TASK GOAL – Check each line of the records below for the word "Locations" and copy those where it appears.

[Opening THE INPUT section]

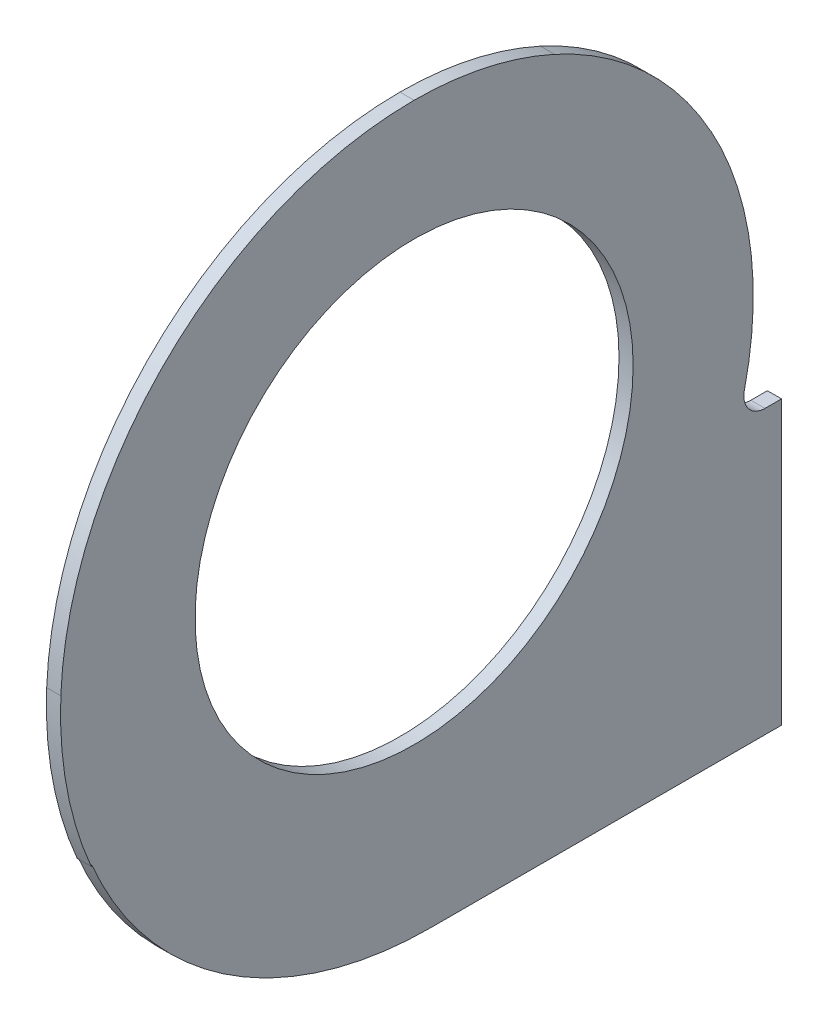
from build123d import *

# Parameters (mm, degrees)
BOSS_EXTRUDE1_DEPTH               = 11.5
BOSS_EXTRUDE2_DEPTH               = 11.5
SKETCH3_W                         = 11.5
SKETCH3_H                         = 20
BOSS_EXTRUDE3_DEPTH               = 2.000101203
CUT_EXTRUDE1_DEPTH                = 10.5
BOSS_EXTRUDE4_DEPTH               = 2
BOSS_EXTRUDE5_DEPTH               = 1
CUT_EXTRUDE2_DEPTH                = 10.5
CUT_EXTRUDE3_DEPTH                = 2
CUT_EXTRUDE4_DEPTH                = 0.5
CUT_EXTRUDE5_DEPTH                = 0.5
CUT_EXTRUDE6_DEPTH                = 0.5
CUT_EXTRUDE7_DEPTH                = 0.5
CUT_EXTRUDE8_DEPTH                = 0.5
CUT_EXTRUDE9_DEPTH                = 0.5
CUT_EXTRUDE10_DEPTH               = 0.5
CUT_EXTRUDE11_DEPTH               = 0.5
SKETCH17_W                        = 0.1
SKETCH17_H                        = 10.000000149
F_3_5_3_5_DIAMETER_HOLE1_D        = 3.5
F_3_5_3_5_DIAMETER_HOLE1_DEPTH    = 14.5
TAP_DRILL_FOR_M30_HELICOIL1_D     = 31
TAP_DRILL_FOR_M30_HELICOIL1_DEPTH = 1
FILLET1_R                         = 1.5
FILLET2_R                         = 2.5
SKETCH22_W                        = 77.458890367
SKETCH22_H                        = 66.182059073
CUT_EXTRUDE12_DEPTH               = 22
CUT_EXTRUDE13_DEPTH               = 22


with BuildPart() as part:
    # Sketch1 → Boss-Extrude1 (new body)
    with BuildSketch(Plane(origin=(14.5, 0, 0), x_dir=(0, 0, -1), z_dir=(1, 0, 0))):
        with BuildLine():
            Line((23.999898797, -14.052218991), (23.999898797, -7.3))
            Line((23.999898797, -7.3), (22.862851966, -7.3))
            ThreePointArc((22.862851966, -7.3), (23.515848466, 4.796339325), (18.177699617, 15.670712703))
            Line((18.177699617, 15.670712703), (20.247987256, 18.013406611))
            ThreePointArc((20.247987256, 18.013406611), (19.986593389, 22.247987256), (15.752012744, 21.986593389))
            Line((15.752012744, 21.986593389), (13.722435262, 19.689966239))
            ThreePointArc((13.722435262, 19.689966239), (7.191690005, 22.897152549), (0, 24))
            ThreePointArc((0, 24), (-17.327723451, 17.028878595), (-25, 0))
            ThreePointArc((-25, 0), (-23.695001808, -9.306968083), (-19.193077259, -17.556534771))
            Line((-19.193077259, -17.556534771), (-22.247987256, -21.013406611))
            ThreePointArc((-22.247987256, -21.013406611), (-21.986593389, -25.247987256), (-17.752012744, -24.986593389))
            Line((-17.752012744, -24.986593389), (-14.906270141, -21.766410971))
            ThreePointArc((-14.906270141, -21.766410971), (6.309457693, -26.79912492), (23.999898797, -14.052218991))
        make_face()
    extrude(amount=-BOSS_EXTRUDE1_DEPTH)

    # Sketch2 → Boss-Extrude2 (add)
    with BuildSketch(Plane(origin=(14.5, 0, 0), x_dir=(0, 0, -1), z_dir=(1, 0, 0))):
        with BuildLine():
            Line((1.208, -27.3), (23.999898797, -27.3))
            Line((23.999898797, -27.3), (23.999898797, -14.052218991))
            ThreePointArc((23.999898797, -14.052218991), (14.389183107, -23.747481674), (1.208, -27.3))
        make_face()
    extrude(amount=-BOSS_EXTRUDE2_DEPTH)

    # Sketch3 → Boss-Extrude3 (add)
    with BuildSketch(Plane(origin=(0, 0, -23.999898797), x_dir=(-1, 0, 0), z_dir=(0, 0, -1))):
        with Locations((-8.75, -17.3)):
            Rectangle(SKETCH3_W, SKETCH3_H)
    extrude(amount=BOSS_EXTRUDE3_DEPTH)

    # Sketch4 → Cut-Extrude1 (cut)
    with BuildSketch(Plane.ZY.offset(-3)):
        with BuildLine():
            Line((-2, 22.912878475), (-2, 11))
            Line((-2, 11), (2.00000006, 11))
            Line((2.00000006, 11), (2.00000006, 22.916594135))
            ThreePointArc((2.00000006, 22.916594135), (1.000869219, 22.979139476), (0, 23))
            ThreePointArc((0, 23), (-1.00094832, 22.978209296), (-2, 22.912878475))
        make_face()
    extrude(amount=-CUT_EXTRUDE1_DEPTH, mode=Mode.SUBTRACT)

    # Sketch5 → Boss-Extrude4 (add)
    with BuildSketch(Plane.ZY.offset(-3)):
        with BuildLine():
            Line((-2, 23.916521486), (-2, 11))
            Line((-2, 11), (2.00000006, 11))
            Line((2.00000006, 11), (2.00000006, 23.919938516))
            ThreePointArc((2.00000006, 23.919938516), (18.03582173, 16.321347476), (25, 0))
            ThreePointArc((25, 0), (23.695001808, -9.306968083), (19.193077259, -17.556534771))
            Line((19.193077259, -17.556534771), (22.247987256, -21.013406611))
            ThreePointArc((22.247987256, -21.013406611), (21.986593389, -25.247987256), (17.752012744, -24.986593389))
            Line((17.752012744, -24.986593389), (14.906270141, -21.766410971))
            ThreePointArc((14.906270141, -21.766410971), (7.31095401, -25.878060536), (-1.208, -27.3))
            Line((-1.208, -27.3), (-26, -27.3))
            Line((-26, -27.3), (-26, -7.3))
            Line((-26, -7.3), (-22.862851966, -7.3))
            ThreePointArc((-22.862851966, -7.3), (-23.515848466, 4.796339325), (-18.177699617, 15.670712703))
            Line((-18.177699617, 15.670712703), (-20.247987256, 18.013406611))
            ThreePointArc((-20.247987256, 18.013406611), (-19.986593389, 22.247987256), (-15.752012744, 21.986593389))
            Line((-15.752012744, 21.986593389), (-13.722435262, 19.689966239))
            ThreePointArc((-13.722435262, 19.689966239), (-8.140312338, 22.577318597), (-2, 23.916521486))
        make_face()
    extrude(amount=BOSS_EXTRUDE4_DEPTH)

    # Sketch6 → Boss-Extrude5 (add)
    with BuildSketch(Plane.ZY.offset(-1)):
        with BuildLine():
            Line((-2, 23.916521486), (-2, 11))
            Line((-2, 11), (2.00000006, 11))
            Line((2.00000006, 11), (2.00000006, 23.919938516))
            ThreePointArc((2.00000006, 23.919938516), (18.03582173, 16.321347476), (25, 0))
            ThreePointArc((25, 0), (23.695001808, -9.306968083), (19.193077259, -17.556534771))
            Line((19.193077259, -17.556534771), (22.247987256, -21.013406611))
            ThreePointArc((22.247987256, -21.013406611), (21.986593389, -25.247987256), (17.752012744, -24.986593389))
            Line((17.752012744, -24.986593389), (14.906270141, -21.766410971))
            ThreePointArc((14.906270141, -21.766410971), (7.31095401, -25.878060536), (-1.208, -27.3))
            Line((-1.208, -27.3), (-26, -27.3))
            Line((-26, -27.3), (-26, -7.3))
            Line((-26, -7.3), (-22.862851966, -7.3))
            ThreePointArc((-22.862851966, -7.3), (-23.515848466, 4.796339325), (-18.177699617, 15.670712703))
            Line((-18.177699617, 15.670712703), (-20.247987256, 18.013406611))
            ThreePointArc((-20.247987256, 18.013406611), (-19.986593389, 22.247987256), (-15.752012744, 21.986593389))
            Line((-15.752012744, 21.986593389), (-13.722435262, 19.689966239))
            ThreePointArc((-13.722435262, 19.689966239), (-8.140312338, 22.577318597), (-2, 23.916521486))
        make_face()
    extrude(amount=BOSS_EXTRUDE5_DEPTH)

    # Sketch7 → Cut-Extrude2 (cut)
    with BuildSketch(Plane(origin=(13.5, 0, 0), x_dir=(0, 0, -1), z_dir=(1, 0, 0))):
        with BuildLine():
            Line((2, 22.912878475), (2, 11))
            Line((2, 11), (-2.00000006, 11))
            Line((-2.00000006, 11), (-2.00000006, 22.916594135))
            ThreePointArc((-2.00000006, 22.916594135), (-17.342759411, 15.599308966), (-24.000832639, -0.040799334))
            ThreePointArc((-24.000832639, -0.040799334), (-16.992486688, -18.54262722), (1.208, -26.3))
            Line((1.208, -26.3), (26, -26.3))
            Line((26, -26.3), (26, -8.3))
            Line((26, -8.3), (21.450174824, -8.3))
            ThreePointArc((21.450174824, -8.3), (19.520210565, 12.163937664), (2, 22.912878475))
        make_face()
    extrude(amount=-CUT_EXTRUDE2_DEPTH, mode=Mode.SUBTRACT)

    # Sketch8 → Cut-Extrude3 (cut)
    with BuildSketch(Plane(origin=(3, 0, 0), x_dir=(0, 0, -1), z_dir=(1, 0, 0))):
        with BuildLine():
            Line((2, 22.912878475), (2, 11))
            Line((2, 11), (-2.00000006, 11))
            Line((-2.00000006, 11), (-2.00000006, 22.916594135))
            ThreePointArc((-2.00000006, 22.916594135), (-17.342759411, 15.599308966), (-24.000832639, -0.040799334))
            ThreePointArc((-24.000832639, -0.040799334), (-16.992486688, -18.54262722), (1.208, -26.3))
            Line((1.208, -26.3), (26, -26.3))
            Line((26, -26.3), (26, -8.3))
            Line((26, -8.3), (21.450174824, -8.3))
            ThreePointArc((21.450174824, -8.3), (19.520210565, 12.163937664), (2, 22.912878475))
        make_face()
    extrude(amount=-CUT_EXTRUDE3_DEPTH, mode=Mode.SUBTRACT)

    # Sketch9 → Cut-Extrude4 (cut)
    with BuildSketch(Plane.ZY):
        with BuildLine():
            Line((-0.5, -22.994564575), (-0.5, -10.988630488))
            ThreePointArc((-0.5, -10.988630488), (-4.209517756, -10.162674858), (-7.416581743, -8.123688525))
            Line((-7.416581743, -8.123688525), (-15.906059151, -16.613165932))
            ThreePointArc((-15.906059151, -16.613165932), (-8.801718944, -21.249229248), (-0.5, -22.994564575))
        make_face()
    extrude(amount=-CUT_EXTRUDE4_DEPTH, mode=Mode.SUBTRACT)

    # Sketch10 → Cut-Extrude5 (cut)
    with BuildSketch(Plane.ZY):
        with BuildLine():
            Line((-15.906059151, 16.613165932), (-7.416581743, 8.123688525))
            ThreePointArc((-7.416581743, 8.123688525), (-5.351481429, 9.610496684), (-3, 10.583005244))
            Line((-3, 10.583005244), (-3, 22.803508502))
            ThreePointArc((-3, 22.803508502), (-9.946851433, 20.737891565), (-15.906059151, 16.613165932))
        make_face()
    extrude(amount=-CUT_EXTRUDE5_DEPTH, mode=Mode.SUBTRACT)

    # Sketch11 → Cut-Extrude6 (cut)
    with BuildSketch(Plane.ZY):
        with BuildLine():
            Line((16.613165932, 15.906059151), (8.123688525, 7.416581743))
            ThreePointArc((8.123688525, 7.416581743), (10.162674858, 4.209517756), (10.988630488, 0.5))
            Line((10.988630488, 0.5), (22.994564575, 0.5))
            ThreePointArc((22.994564575, 0.5), (21.249229248, 8.801718944), (16.613165932, 15.906059151))
        make_face()
    extrude(amount=-CUT_EXTRUDE6_DEPTH, mode=Mode.SUBTRACT)

    # Sketch12 → Cut-Extrude7 (cut)
    with BuildSketch(Plane.ZY):
        with BuildLine():
            Line((-16.613165932, -15.906059151), (-8.123688525, -7.416581743))
            ThreePointArc((-8.123688525, -7.416581743), (-10.162674858, -4.209517756), (-10.988630488, -0.5))
            Line((-10.988630488, -0.5), (-22.994564575, -0.5))
            ThreePointArc((-22.994564575, -0.5), (-21.249229248, -8.801718944), (-16.613165932, -15.906059151))
        make_face()
    extrude(amount=-CUT_EXTRUDE7_DEPTH, mode=Mode.SUBTRACT)

    # Sketch13 → Cut-Extrude8 (cut)
    with BuildSketch(Plane.ZY):
        with BuildLine():
            Line((15.906059151, -16.613165932), (7.416581743, -8.123688525))
            ThreePointArc((7.416581743, -8.123688525), (4.209517756, -10.162674858), (0.5, -10.988630488))
            Line((0.5, -10.988630488), (0.5, -22.994564575))
            ThreePointArc((0.5, -22.994564575), (8.801718944, -21.249229248), (15.906059151, -16.613165932))
        make_face()
    extrude(amount=-CUT_EXTRUDE8_DEPTH, mode=Mode.SUBTRACT)

    # Sketch14 → Cut-Extrude9 (cut)
    with BuildSketch(Plane.ZY):
        with BuildLine():
            Line((3, 22.803508502), (3, 10.583005244))
            ThreePointArc((3, 10.583005244), (5.351481429, 9.610496684), (7.416581743, 8.123688525))
            Line((7.416581743, 8.123688525), (15.906059151, 16.613165932))
            ThreePointArc((15.906059151, 16.613165932), (9.946851433, 20.737891565), (3, 22.803508502))
        make_face()
    extrude(amount=-CUT_EXTRUDE9_DEPTH, mode=Mode.SUBTRACT)

    # Sketch15 → Cut-Extrude10 (cut)
    with BuildSketch(Plane.ZY):
        with BuildLine():
            Line((8.123688525, -7.416581743), (16.613165932, -15.906059151))
            ThreePointArc((16.613165932, -15.906059151), (21.249229248, -8.801718944), (22.994564575, -0.5))
            Line((22.994564575, -0.5), (10.988630488, -0.5))
            ThreePointArc((10.988630488, -0.5), (10.162674858, -4.209517756), (8.123688525, -7.416581743))
        make_face()
    extrude(amount=-CUT_EXTRUDE10_DEPTH, mode=Mode.SUBTRACT)

    # Sketch16 → Cut-Extrude11 (cut)
    with BuildSketch(Plane.ZY):
        with BuildLine():
            Line((-22.994564575, 0.5), (-10.988630488, 0.5))
            ThreePointArc((-10.988630488, 0.5), (-10.162674858, 4.209517756), (-8.123688525, 7.416581743))
            Line((-8.123688525, 7.416581743), (-16.613165932, 15.906059151))
            ThreePointArc((-16.613165932, 15.906059151), (-21.249229248, 8.801718944), (-22.994564575, 0.5))
        make_face()
    extrude(amount=-CUT_EXTRUDE11_DEPTH, mode=Mode.SUBTRACT)

    # Sketch17 → Cut-Revolve1 (revolve, cut)
    with BuildSketch(Plane(origin=(0, 0, 0), x_dir=(1, 0, 0), z_dir=(0, 1, 0))):
        with Locations((0.05, 5.000000074)):
            Rectangle(SKETCH17_W, SKETCH17_H)
    revolve(axis=Axis((0, 0, 0), (1, 0, 0)), mode=Mode.SUBTRACT)

    # Ø3.5 (3.5) Diameter Hole1
    with Locations(Plane.ZY):
        with Locations((-18, 20), (20, -23)):
            Hole(F_3_5_3_5_DIAMETER_HOLE1_D / 2, depth=F_3_5_3_5_DIAMETER_HOLE1_DEPTH)

    # Tap Drill for M30 Helicoil1
    with Locations(Plane(origin=(14.5, 0, 0), x_dir=(0, 0, -1), z_dir=(1, 0, 0))):
        with Locations((0, 0)):
            Hole(TAP_DRILL_FOR_M30_HELICOIL1_D / 2, depth=TAP_DRILL_FOR_M30_HELICOIL1_DEPTH)

    # Fillet1
    fillet1_edges = [part.edges().sort_by_distance(p)[0] for p in [
        (7.25, -7.3, -22.862851966),
    ]]
    fillet(fillet1_edges, radius=FILLET1_R)

    # Fillet2
    fillet2_edges = [part.edges().sort_by_distance(p)[0] for p in [
        (7.25, -8.3, -21.450174824),
        (7.25, -21.766410971, 14.906270141),
        (7.25, -17.556534771, 19.193077259),
        (7.25, 19.689966239, -13.722435262),
        (7.25, 15.670712703, -18.177699617),
    ]]
    fillet(fillet2_edges, radius=FILLET2_R)

    # Sketch22 → Cut-Extrude12 (cut)
    with BuildSketch(Plane.ZY.offset(-13.5)):
        with Locations((3.746075582, -1.742433044)):
            Rectangle(SKETCH22_W, SKETCH22_H)
    extrude(amount=CUT_EXTRUDE12_DEPTH, mode=Mode.SUBTRACT)

    # Sketch23 → Cut-Extrude13 (cut)
    with BuildSketch(Plane.ZY.offset(-13.5)):
        with BuildLine():
            Line((22.818301287, -11.435112892), (26.703674286, -25.778443436))
            Line((26.703674286, -25.778443436), (15.434056464, -28.831198071))
            Line((15.434056464, -28.831198071), (10.130861555, -24.722456157))
            ThreePointArc((10.130861555, -24.722456157), (17.689338268, -19.238696929), (22.818301287, -11.435112892))
        make_face()
        with BuildLine():
            Line((-9.783782243, 21.915234873), (-19.266917552, 25.788568278))
            Line((-19.266917552, 25.788568278), (-25.363017774, 18.892979502))
            Line((-25.363017774, 18.892979502), (-20.984828091, 11.618400961))
            ThreePointArc((-20.984828091, 11.618400961), (-16.224389467, 17.68067385), (-9.783782243, 21.915234873))
        make_face()
    extrude(amount=-CUT_EXTRUDE13_DEPTH, mode=Mode.SUBTRACT)


solid = part.part

[Closing THE INPUT section]

SOLUTION TO THIS TASK –
        with Locations((-8.75, -17.3)):
        with Locations((0.05, 5.000000074)):
    with Locations(Plane.ZY):
        with Locations((-18, 20), (20, -23)):
    with Locations(Plane(origin=(14.5, 0, 0), x_dir=(0, 0, -1), z_dir=(1, 0, 0))):
        with Locations((0, 0)):
        with Locations((3.746075582, -1.742433044)):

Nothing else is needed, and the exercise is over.